Jorge Garcia-Hildebrandt
Dear Richard Youatt and Mike Dammann:
Have you noticed That the “Speed For Double The Deaths and Contagions” Are Quite Longer In Countries Supposed “Rich In Rh Negatives inhabitants ?
Poland, Cuba, Colombia, etc.
The Question is : May This Fact be of Interest/Indicative For The Research In Progress?… Maybe It will Have But I’m Not Quite Sure… What’s Your Opinion?

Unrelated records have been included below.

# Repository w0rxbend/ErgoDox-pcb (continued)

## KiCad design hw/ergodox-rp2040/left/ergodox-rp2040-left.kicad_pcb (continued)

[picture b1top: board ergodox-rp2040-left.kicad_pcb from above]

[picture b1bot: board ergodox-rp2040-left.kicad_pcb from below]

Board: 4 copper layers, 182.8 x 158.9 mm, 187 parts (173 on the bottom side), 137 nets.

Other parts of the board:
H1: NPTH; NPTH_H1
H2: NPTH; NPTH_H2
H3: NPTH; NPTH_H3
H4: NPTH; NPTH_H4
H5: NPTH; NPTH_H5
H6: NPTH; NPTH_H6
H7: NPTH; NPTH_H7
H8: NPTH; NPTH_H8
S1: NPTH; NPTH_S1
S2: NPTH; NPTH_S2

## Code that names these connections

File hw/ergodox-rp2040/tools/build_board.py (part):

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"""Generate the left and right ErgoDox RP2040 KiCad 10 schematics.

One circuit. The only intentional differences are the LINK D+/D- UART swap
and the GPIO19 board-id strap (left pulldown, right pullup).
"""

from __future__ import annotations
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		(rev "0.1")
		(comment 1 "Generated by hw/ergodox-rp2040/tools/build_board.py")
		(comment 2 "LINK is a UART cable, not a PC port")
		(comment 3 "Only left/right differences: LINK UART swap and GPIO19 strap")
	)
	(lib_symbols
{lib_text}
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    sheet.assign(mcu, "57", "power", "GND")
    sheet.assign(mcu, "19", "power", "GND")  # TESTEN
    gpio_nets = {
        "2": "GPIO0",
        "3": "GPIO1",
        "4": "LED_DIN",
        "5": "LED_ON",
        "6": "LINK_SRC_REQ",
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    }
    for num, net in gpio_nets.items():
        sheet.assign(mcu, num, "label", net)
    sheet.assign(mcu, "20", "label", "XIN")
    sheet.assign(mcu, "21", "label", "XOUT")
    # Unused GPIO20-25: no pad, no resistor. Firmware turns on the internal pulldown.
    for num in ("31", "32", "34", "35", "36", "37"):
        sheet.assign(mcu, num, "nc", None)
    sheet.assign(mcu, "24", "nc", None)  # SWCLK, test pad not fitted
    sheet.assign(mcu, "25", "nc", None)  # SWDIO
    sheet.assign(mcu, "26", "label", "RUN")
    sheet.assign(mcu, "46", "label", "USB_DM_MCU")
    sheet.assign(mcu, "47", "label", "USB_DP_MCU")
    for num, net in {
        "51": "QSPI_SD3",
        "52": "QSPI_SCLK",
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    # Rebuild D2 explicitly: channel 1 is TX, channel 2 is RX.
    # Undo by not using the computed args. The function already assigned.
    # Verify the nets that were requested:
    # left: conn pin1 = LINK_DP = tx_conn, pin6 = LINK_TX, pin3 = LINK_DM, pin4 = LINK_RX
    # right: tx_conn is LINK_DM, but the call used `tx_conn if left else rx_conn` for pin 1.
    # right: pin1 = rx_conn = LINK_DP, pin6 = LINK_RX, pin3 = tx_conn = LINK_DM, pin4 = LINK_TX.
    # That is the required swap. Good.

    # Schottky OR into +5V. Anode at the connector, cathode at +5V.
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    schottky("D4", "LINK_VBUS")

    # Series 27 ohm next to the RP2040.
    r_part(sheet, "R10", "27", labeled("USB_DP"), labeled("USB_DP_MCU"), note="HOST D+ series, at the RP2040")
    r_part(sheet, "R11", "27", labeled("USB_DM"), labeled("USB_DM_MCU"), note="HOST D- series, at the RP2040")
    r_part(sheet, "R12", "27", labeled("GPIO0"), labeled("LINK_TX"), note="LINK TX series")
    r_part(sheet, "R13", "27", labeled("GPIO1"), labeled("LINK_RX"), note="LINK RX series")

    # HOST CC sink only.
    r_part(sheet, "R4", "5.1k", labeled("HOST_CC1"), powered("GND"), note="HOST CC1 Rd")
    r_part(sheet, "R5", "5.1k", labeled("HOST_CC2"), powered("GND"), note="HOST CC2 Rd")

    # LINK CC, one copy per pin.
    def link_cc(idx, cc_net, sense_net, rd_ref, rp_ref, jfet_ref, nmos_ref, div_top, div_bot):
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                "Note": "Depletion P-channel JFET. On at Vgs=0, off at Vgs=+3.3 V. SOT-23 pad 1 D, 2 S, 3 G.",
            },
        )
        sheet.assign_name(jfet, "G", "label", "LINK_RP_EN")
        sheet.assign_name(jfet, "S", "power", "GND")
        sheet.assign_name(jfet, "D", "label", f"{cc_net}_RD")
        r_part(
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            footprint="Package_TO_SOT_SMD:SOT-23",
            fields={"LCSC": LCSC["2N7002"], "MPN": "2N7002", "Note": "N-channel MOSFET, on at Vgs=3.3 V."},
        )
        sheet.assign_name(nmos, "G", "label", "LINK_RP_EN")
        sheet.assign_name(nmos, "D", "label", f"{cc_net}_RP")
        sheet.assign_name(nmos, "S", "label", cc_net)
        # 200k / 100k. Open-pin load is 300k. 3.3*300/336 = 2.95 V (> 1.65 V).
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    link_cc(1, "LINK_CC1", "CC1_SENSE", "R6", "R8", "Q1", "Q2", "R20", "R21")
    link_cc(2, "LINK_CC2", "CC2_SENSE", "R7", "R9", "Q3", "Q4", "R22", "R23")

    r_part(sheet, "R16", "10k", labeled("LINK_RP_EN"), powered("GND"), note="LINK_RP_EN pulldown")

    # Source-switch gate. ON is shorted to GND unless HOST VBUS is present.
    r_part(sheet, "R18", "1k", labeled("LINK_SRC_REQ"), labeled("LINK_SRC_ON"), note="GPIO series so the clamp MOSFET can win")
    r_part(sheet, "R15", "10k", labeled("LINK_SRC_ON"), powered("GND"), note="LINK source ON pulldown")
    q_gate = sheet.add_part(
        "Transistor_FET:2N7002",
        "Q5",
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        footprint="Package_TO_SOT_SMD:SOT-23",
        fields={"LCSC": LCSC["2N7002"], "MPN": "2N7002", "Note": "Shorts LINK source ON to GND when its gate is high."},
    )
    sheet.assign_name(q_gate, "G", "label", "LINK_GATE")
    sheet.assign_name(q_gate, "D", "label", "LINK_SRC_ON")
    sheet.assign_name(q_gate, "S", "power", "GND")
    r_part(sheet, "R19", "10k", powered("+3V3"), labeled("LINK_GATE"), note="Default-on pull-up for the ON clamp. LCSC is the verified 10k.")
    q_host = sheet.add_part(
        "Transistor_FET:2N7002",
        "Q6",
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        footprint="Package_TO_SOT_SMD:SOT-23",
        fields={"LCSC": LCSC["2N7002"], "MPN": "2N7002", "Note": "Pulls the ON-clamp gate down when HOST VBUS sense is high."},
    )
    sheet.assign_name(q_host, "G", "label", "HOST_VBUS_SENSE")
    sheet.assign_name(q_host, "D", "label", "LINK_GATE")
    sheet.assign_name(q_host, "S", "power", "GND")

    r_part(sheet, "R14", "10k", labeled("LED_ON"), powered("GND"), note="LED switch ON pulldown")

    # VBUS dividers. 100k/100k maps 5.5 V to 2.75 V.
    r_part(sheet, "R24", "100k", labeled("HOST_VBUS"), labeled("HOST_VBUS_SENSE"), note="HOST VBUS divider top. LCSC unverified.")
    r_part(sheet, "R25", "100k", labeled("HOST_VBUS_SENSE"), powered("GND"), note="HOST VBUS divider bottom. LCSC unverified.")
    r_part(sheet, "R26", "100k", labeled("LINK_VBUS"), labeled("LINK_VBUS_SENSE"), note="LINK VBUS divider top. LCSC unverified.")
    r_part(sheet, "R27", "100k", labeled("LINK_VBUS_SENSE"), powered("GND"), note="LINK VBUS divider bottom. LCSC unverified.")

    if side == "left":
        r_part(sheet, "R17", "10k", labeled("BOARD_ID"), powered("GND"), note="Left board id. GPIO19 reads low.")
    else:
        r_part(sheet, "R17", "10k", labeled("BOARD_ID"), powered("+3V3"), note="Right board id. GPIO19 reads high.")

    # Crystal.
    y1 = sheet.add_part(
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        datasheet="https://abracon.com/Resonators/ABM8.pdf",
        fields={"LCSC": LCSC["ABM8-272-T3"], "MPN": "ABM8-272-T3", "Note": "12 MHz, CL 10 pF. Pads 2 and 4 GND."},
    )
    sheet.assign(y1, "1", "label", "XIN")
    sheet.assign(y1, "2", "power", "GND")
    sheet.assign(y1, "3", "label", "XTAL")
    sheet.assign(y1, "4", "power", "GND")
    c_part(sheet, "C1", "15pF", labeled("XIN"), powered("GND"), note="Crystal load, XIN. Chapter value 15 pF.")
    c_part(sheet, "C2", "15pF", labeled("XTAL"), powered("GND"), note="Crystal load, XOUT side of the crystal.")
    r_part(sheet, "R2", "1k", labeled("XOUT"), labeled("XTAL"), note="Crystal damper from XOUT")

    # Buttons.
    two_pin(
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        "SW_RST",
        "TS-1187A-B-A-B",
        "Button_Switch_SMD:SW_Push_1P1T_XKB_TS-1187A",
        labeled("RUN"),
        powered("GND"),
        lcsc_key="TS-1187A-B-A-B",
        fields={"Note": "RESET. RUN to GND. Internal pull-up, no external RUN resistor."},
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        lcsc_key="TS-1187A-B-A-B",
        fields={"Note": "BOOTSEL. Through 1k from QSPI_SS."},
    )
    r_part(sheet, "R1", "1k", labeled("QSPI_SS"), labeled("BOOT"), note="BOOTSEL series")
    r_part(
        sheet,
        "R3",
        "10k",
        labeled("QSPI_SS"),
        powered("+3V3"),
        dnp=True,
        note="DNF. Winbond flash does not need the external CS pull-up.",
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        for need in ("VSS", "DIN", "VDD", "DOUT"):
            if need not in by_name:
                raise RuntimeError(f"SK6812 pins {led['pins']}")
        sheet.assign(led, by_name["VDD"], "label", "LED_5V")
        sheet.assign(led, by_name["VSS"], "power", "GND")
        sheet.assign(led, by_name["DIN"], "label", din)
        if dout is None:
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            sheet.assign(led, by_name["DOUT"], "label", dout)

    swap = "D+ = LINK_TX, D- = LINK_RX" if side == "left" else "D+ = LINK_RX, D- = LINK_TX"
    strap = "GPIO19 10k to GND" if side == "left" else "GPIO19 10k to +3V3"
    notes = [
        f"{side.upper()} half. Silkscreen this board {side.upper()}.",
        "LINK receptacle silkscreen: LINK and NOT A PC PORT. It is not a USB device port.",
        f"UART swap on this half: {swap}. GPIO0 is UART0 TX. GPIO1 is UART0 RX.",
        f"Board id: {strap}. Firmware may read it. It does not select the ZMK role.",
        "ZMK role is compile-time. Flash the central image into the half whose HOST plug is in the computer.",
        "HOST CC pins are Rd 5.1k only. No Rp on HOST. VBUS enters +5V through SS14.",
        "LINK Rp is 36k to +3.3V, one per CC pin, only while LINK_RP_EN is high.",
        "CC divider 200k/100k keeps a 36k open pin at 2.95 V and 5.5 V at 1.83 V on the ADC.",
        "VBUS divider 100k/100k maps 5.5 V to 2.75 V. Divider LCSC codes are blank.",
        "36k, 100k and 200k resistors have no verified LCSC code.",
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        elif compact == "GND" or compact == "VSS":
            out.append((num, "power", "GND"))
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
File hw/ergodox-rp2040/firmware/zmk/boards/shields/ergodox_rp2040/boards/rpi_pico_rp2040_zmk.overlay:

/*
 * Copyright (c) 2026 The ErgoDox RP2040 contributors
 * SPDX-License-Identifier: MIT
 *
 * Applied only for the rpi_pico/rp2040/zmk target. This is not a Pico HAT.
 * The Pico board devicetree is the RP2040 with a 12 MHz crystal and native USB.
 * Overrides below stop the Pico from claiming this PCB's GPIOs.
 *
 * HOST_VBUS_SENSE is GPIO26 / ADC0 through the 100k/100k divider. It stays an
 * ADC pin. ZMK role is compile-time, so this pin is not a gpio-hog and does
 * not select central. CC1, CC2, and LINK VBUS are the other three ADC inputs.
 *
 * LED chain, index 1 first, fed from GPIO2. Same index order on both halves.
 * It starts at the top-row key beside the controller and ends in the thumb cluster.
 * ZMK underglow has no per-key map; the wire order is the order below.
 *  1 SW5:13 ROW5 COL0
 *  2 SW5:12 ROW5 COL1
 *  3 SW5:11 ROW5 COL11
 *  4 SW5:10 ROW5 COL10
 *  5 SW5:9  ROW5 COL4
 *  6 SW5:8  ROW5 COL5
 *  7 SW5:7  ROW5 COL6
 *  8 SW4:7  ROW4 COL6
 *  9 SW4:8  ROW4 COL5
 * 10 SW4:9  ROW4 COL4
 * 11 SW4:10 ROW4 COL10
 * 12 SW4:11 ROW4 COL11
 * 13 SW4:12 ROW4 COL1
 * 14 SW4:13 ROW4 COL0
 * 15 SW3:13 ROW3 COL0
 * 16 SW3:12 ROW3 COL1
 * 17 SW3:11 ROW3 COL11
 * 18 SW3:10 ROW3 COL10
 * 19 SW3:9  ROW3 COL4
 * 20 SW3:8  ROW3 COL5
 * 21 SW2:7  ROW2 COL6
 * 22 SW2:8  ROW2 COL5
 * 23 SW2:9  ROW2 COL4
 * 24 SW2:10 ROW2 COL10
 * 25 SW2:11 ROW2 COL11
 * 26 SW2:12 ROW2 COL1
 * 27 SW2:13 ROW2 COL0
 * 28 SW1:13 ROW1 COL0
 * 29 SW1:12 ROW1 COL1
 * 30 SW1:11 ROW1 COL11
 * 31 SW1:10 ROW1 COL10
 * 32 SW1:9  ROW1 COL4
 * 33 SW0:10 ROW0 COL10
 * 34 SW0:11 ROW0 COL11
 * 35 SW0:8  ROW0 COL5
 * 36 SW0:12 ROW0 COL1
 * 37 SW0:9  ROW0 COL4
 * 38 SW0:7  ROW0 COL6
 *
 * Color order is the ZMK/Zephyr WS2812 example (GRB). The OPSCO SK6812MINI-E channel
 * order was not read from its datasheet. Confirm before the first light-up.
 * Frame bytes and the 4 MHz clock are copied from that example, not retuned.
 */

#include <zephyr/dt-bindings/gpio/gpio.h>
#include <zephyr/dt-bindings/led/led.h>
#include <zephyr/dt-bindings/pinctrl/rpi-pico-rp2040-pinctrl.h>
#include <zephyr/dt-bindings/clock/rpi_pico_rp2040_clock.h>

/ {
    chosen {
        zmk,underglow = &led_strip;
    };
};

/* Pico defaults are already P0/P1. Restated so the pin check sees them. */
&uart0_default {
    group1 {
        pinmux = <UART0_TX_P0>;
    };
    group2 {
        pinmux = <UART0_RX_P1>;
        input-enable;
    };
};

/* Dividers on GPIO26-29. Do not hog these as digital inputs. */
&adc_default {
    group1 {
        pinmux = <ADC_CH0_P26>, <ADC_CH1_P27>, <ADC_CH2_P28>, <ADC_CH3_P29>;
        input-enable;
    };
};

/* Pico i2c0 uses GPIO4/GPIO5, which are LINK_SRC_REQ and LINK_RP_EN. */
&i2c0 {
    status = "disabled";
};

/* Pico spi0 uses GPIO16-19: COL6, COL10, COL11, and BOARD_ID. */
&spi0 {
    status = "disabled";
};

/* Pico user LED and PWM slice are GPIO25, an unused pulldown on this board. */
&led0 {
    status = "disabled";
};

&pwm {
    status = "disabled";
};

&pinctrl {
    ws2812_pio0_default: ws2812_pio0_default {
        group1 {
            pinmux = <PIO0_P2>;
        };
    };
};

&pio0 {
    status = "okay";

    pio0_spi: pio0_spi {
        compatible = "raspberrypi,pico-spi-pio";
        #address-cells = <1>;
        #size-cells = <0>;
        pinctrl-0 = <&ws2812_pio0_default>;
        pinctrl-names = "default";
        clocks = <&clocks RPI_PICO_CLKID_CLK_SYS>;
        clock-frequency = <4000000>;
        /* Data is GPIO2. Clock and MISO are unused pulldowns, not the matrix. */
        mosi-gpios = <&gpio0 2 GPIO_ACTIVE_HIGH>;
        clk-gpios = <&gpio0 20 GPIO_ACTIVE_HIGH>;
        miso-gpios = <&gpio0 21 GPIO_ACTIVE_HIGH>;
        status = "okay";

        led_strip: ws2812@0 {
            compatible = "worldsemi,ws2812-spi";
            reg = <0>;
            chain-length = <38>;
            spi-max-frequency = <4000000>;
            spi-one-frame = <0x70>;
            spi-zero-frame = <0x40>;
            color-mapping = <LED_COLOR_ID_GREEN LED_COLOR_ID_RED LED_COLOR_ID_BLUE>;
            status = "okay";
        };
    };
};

TYM For Your Answers and Kindness!
Being Here 12:40 PM
Muchas Gracias
Have A Nice Day !!!
Jorge Garcia-Hildebrandt
Read the Georgia guide stones..this is bipartisan. This is depopulation . This is a calculated ploy…our ” relatives” misunderstand our blood type. They think there unique, maybe gods!!!! But there misguided. For every bad one there is a good one exposing the evil! Control, power, that’s not love, that’s weakness! If you understand the foundation of evil, you will not fear, you can strategically beat these arrogant killers at there own game! Just breath…its a game of chess…its not trump or Pelosi…there untied( the pharmacy company) turn the tv off…pick up your books! Or the win we lose…simple
No one reads past posts obviously! Remdisivir was created and produced by a company called Gilead! The creator and Founder of Gilead company was Michael Riorden. The board was bipartisan Donald Rumsfeld, the bushes, the Clintons look at images if you Google company! The marriage is policy and pharmaceutical! The patent for remdisivir ( the drug suppose to cure covid) merged with untied. Prior to that marriage was sold the patent to the india…government prior to deaths caused by contraindications to covid! Why???? So the players get money, but India gets blamed for deaths! They ( lets call them the NWO) already bought stocks..Michael Riorden made 3G in revenues from the killer drug…the cure RNA transcriptase drugs named anti sense drugs are the cure. India perfect place to test..that’s why mortality rates so low…not temperature…we knew that was off….plaquinel prevents but drug only prescribed to lupus patients….90% ( from web could be off ask mike) that acquire this autoimmune disorder RHNegative. The players are our genetic ancestors… There all rh negatives…ask siri? Alexa if you trust that more than my words! Now India says they have vaccine….no vaccine!!!you know this from mens research!!!basic micro biology without lasting antigen, no vaccine!!!! Just read virility basics and micro biology and you won’t have questions…. Be smart or your going to lose!